# About this task:
The answer is a number and nothing else: the count of lines in these entries containing the word "LampBlock".

Start of Provided data

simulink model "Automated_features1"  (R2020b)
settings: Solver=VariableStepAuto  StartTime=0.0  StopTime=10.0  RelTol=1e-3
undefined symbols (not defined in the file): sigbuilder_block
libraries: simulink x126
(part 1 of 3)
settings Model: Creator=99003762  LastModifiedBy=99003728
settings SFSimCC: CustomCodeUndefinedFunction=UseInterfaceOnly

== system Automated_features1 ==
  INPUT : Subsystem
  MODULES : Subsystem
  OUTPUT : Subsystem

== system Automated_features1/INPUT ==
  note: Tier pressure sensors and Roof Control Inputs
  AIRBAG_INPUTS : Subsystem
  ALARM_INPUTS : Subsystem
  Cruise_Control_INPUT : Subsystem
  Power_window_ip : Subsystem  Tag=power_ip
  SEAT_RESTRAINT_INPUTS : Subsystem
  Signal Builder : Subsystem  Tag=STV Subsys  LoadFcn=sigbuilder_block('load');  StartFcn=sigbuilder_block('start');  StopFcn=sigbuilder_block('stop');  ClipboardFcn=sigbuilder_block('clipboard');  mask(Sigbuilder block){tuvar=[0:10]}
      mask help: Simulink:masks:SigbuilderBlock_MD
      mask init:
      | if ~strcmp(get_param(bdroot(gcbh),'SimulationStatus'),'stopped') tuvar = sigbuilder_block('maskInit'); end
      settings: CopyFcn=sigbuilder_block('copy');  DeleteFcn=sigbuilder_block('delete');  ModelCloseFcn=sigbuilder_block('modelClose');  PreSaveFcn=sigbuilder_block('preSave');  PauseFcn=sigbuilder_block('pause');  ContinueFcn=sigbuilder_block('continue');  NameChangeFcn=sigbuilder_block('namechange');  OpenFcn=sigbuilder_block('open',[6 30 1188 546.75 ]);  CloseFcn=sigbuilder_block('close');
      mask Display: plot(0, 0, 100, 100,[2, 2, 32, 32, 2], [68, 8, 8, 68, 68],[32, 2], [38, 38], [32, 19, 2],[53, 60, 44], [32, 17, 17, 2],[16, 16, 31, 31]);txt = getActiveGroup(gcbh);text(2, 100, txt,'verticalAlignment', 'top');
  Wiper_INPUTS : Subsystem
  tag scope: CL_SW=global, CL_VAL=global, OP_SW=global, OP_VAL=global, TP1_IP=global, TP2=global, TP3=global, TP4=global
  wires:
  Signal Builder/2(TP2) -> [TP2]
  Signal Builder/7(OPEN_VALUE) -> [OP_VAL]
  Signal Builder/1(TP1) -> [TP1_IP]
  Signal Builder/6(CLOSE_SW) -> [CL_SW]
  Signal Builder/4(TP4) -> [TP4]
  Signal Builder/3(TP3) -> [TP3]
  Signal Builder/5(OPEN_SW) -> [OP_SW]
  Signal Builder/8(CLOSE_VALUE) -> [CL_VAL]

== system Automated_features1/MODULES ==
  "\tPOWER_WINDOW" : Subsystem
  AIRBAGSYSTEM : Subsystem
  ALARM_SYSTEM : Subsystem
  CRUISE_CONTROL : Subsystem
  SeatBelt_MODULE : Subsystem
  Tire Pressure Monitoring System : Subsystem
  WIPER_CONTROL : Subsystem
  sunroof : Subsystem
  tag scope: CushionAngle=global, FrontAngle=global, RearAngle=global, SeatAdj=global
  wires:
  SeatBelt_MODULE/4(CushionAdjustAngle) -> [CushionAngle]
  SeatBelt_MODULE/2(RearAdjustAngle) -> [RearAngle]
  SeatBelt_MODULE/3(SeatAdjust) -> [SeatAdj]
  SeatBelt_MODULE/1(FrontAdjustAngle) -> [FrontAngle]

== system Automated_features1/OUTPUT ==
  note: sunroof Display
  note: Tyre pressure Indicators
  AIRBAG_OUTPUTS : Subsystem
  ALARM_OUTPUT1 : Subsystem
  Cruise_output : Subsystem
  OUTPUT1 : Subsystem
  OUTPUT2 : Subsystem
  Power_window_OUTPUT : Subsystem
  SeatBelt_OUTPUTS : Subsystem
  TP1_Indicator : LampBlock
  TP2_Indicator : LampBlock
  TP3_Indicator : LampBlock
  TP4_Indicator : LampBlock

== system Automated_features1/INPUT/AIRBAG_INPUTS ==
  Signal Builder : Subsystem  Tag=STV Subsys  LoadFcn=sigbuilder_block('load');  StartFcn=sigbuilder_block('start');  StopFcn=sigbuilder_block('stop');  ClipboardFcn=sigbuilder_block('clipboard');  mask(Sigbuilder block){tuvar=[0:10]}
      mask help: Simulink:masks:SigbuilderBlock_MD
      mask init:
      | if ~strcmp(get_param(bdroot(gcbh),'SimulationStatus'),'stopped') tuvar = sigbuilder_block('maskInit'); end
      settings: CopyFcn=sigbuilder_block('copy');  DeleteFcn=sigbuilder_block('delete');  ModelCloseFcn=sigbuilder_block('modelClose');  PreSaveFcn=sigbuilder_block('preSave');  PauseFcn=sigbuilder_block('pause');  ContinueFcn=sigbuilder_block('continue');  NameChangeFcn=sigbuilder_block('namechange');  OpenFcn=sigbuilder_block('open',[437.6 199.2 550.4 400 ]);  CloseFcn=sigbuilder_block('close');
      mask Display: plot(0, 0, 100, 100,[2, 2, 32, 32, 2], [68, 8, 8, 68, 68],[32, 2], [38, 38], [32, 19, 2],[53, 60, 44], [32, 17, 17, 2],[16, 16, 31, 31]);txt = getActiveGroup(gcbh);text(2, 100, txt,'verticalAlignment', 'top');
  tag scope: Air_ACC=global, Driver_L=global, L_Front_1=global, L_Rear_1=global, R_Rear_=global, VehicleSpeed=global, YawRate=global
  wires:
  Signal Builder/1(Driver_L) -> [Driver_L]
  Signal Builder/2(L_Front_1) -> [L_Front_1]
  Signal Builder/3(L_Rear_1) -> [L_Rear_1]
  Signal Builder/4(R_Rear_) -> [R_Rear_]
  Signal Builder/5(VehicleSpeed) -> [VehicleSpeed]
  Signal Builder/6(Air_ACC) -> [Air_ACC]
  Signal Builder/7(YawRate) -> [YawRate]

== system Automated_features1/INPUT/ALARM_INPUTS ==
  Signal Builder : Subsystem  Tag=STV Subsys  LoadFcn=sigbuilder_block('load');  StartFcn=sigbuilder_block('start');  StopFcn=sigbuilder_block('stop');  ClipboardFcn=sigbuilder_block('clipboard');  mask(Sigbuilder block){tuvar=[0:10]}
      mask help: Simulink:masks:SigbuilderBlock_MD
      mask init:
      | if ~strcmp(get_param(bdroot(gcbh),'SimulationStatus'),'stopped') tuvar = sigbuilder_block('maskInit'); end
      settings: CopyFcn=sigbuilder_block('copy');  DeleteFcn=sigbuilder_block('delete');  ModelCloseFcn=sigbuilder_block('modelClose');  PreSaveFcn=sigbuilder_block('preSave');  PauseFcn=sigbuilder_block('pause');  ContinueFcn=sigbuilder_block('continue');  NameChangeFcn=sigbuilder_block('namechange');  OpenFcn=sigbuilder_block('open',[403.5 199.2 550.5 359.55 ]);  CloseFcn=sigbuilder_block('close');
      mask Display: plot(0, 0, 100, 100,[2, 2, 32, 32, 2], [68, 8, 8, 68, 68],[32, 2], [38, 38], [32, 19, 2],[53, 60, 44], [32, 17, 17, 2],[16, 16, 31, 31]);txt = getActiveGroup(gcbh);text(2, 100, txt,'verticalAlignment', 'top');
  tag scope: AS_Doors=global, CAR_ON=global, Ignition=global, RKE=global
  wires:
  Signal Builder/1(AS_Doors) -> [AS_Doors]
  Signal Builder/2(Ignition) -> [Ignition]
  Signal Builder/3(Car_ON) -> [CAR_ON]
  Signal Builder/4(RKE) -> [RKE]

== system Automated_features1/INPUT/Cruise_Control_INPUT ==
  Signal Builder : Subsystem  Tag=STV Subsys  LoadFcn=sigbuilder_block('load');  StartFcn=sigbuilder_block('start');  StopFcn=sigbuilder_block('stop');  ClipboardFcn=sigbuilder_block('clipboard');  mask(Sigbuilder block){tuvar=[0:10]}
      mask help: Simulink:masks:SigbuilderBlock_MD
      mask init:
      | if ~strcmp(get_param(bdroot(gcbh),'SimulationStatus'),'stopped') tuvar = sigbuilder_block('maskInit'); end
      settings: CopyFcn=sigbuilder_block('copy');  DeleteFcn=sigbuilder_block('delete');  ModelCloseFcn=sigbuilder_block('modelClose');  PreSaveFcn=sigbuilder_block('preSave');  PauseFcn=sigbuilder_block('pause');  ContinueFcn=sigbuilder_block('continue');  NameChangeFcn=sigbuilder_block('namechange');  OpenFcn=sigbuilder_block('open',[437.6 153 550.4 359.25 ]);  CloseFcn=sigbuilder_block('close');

End of Provided data

# Written response:
4